Tre strofe lunghe di versi liberi (10, 11,10), incentrate ciascuna su un avverbio (Aquí, Ahí, Allí – qui, lì, laggiù) spesso in contrapposizione con gli altri due, seguite da quattro strofe composte ognuna da un solo distico, nella prima delle quali nel primo verso tutti e tre gli avverbi si incrociano, mentre nel secondo ci sono i tre pronomi dimostrativi (Esto, Eso e Aquello) che agli avverbi si associano; infine le ultime tre ripetono lapidariamente la sequenza delle prime, con gli avverbi in posizione incipitaria (Aquí, Ahí, Allí).
Evidenzierei innanzitutto il titolo, la cui importanza è rafforzata dal fatto di essere diventato, come abbiamo visto, quello dell’intera raccolta pubblicata nel 2004, che pone l’accento, almeno apparentemente, sull’aspetto grammaticale (la cui importanza verrà ribadita sin dall’inequivocabile titolo del più tardo Yo que tú: manual de gramática y poesía, Barcelona 2012); parafrasando il titolo di un fortunato racconto di De Amicis, si potrebbe parlare di “Amore e grammatica”, ma con una riflessione filosofica che costruisce un labirinto neobarocco (evidenziato dal poliptoto iniziale e dalla sequenza di es – estoy, esté, ves, esta, ecc. – che si snocciola per l’intera poesia divenendone la trama sonora, rafforzata da sequenze allitteranti come casa – caras – cosas – cansan – cansa, vv. 3-4 e dal costante, ossessivo ripetersi di donde – se ne contano 11 a cui si aggiunge un adonde), ben nascosta in un’apparente leggerezza e semplicità colloquiale, che sono l’accattivante cifra stilistica per la quale il pubblico ama molto questo autore.

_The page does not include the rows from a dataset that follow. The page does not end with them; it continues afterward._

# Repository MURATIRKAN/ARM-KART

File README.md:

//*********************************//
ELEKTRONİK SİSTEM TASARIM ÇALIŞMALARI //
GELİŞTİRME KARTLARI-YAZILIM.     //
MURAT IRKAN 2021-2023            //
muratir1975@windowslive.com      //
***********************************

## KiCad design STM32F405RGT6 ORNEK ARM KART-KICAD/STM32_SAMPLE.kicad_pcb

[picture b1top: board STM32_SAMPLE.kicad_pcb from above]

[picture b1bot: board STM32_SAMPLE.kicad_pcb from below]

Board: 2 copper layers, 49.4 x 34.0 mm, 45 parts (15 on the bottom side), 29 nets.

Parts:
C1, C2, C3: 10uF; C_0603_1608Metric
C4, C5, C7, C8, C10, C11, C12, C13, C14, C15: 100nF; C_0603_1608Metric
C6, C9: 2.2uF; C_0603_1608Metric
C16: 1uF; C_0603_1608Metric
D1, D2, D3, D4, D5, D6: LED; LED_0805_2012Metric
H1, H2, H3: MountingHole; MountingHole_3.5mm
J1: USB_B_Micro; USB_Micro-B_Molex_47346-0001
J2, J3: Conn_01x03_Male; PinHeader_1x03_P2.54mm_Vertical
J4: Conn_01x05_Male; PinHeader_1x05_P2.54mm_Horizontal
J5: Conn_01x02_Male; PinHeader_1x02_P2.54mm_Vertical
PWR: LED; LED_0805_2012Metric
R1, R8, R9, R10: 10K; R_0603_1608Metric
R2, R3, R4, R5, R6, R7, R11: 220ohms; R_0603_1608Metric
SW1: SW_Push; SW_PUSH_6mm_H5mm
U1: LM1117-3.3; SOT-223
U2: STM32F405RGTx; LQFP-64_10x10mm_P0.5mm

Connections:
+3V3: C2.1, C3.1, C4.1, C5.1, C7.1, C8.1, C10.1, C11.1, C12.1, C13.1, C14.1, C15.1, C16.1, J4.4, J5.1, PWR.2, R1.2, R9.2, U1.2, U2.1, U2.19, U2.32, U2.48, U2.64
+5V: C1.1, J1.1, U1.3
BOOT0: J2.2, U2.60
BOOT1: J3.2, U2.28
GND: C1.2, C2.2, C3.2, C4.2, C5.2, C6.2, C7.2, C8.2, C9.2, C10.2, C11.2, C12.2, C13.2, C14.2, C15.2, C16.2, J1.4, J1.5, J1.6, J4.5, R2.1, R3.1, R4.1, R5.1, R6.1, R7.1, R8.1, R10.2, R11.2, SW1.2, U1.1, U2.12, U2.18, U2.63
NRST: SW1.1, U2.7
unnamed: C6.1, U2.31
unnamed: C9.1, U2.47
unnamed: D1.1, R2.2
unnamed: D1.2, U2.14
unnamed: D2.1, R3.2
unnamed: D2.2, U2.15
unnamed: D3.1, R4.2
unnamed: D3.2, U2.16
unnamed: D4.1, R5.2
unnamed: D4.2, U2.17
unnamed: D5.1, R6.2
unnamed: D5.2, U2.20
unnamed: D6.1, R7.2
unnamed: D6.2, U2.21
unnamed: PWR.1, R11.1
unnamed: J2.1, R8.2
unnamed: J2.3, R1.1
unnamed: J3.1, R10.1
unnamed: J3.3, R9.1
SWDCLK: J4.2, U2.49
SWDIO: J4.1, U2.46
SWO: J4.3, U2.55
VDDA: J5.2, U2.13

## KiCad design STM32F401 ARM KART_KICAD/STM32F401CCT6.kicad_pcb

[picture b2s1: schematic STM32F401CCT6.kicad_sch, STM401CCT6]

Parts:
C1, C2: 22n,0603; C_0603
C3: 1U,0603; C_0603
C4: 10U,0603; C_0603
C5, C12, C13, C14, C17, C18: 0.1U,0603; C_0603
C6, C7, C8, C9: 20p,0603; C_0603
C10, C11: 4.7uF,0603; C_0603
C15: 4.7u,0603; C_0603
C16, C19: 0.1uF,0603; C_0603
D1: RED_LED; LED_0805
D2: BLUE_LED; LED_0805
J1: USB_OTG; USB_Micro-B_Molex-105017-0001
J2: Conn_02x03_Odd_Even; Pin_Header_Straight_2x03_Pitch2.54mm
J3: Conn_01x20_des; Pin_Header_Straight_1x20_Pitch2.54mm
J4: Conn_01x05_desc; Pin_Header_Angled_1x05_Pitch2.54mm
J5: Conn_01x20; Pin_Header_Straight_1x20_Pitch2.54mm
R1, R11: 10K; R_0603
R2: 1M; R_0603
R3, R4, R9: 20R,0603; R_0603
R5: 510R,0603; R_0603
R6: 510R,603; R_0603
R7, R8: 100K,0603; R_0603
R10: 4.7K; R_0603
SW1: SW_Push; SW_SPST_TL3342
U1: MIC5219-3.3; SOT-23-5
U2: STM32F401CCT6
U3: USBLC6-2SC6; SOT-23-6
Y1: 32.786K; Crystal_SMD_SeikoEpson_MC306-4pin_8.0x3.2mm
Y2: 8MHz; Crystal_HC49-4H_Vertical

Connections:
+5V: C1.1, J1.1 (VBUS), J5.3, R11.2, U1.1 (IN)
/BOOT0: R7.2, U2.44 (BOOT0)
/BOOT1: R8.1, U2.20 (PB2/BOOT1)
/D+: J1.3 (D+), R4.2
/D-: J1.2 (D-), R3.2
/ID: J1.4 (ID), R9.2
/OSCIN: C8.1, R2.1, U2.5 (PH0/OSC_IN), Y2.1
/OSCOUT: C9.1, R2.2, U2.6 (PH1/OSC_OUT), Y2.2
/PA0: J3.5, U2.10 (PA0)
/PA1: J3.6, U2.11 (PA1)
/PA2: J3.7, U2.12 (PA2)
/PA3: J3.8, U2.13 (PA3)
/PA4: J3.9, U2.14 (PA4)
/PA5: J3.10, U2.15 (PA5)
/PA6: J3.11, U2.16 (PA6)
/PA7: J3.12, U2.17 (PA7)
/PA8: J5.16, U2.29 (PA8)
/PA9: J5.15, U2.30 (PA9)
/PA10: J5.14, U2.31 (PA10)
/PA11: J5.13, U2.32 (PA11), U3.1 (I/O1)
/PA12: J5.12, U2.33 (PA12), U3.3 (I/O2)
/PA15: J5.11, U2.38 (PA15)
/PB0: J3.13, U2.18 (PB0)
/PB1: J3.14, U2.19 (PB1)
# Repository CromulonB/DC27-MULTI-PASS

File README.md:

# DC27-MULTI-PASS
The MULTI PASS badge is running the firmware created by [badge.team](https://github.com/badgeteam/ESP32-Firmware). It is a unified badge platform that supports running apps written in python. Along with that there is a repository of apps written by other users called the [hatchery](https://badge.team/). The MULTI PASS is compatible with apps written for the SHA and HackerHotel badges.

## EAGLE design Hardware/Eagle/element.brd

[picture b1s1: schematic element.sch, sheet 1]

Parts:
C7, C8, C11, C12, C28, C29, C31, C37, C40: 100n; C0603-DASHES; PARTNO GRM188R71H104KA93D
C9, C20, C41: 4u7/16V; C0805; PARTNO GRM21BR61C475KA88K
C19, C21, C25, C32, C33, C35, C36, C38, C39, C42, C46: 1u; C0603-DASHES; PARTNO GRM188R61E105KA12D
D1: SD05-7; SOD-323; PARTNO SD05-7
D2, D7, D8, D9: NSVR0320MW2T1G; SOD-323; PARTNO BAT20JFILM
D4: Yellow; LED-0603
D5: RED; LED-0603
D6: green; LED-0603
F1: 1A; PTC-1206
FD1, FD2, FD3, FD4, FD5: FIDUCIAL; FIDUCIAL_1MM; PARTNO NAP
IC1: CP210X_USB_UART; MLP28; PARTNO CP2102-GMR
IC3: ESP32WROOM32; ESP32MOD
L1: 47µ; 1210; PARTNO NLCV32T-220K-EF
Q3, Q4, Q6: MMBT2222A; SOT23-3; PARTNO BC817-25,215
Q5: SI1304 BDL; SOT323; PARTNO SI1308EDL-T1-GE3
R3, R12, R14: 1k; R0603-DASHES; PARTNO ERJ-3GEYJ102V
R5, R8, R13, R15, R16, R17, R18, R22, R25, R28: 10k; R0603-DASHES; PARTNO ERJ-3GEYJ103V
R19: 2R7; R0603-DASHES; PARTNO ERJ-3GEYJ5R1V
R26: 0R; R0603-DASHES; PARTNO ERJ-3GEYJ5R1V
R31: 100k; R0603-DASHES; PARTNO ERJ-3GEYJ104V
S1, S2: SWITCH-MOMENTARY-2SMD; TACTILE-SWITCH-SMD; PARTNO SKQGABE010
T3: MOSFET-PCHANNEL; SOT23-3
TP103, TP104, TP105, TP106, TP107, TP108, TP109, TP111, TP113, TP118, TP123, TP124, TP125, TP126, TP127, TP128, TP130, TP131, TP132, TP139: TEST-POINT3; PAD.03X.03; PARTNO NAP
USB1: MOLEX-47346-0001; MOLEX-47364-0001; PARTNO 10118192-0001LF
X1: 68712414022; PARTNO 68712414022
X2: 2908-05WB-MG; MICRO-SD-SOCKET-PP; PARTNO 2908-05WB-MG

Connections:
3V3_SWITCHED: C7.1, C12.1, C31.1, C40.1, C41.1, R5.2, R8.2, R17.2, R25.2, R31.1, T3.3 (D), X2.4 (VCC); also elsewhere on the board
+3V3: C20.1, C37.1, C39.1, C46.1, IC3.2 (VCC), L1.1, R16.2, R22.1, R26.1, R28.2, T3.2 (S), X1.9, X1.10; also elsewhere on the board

Segnalerei anche la presenza insistita di una parola chiave sed (sete) che troviamo due volte in un verso della prima strofa e poi ancora nella terza, insieme al derivato sediento (assetato); la ritroviamo ben 26 volte nell’antologia (quasi quante l’imprescindibile Amor 30) insieme a varie declinazioni dei derivati (sedientos 2, sediento 1, sedientas 1). Un amore/sete (cfr. Vasos de sed, p. 44) che implacabilmente lascia assetati. Non a caso questa parola è spesso abbinata a deserto – e infatti più avanti nel libro si troveranno le Istruzioni per uscire dal deserto, pp. 86-87 – o a suoi correlati (in questo caso miraggio: el espejismo/ nacido de la sed de estar aquí.). Ai tre avverbi sono altresì associati i tre pronomi personali io, tu e noi, rendendo esplicita la dialettica erotica sostenuta dal desiderio (“eso deseo”) che, freudianamente, in quanto tale non si può mai realizzare.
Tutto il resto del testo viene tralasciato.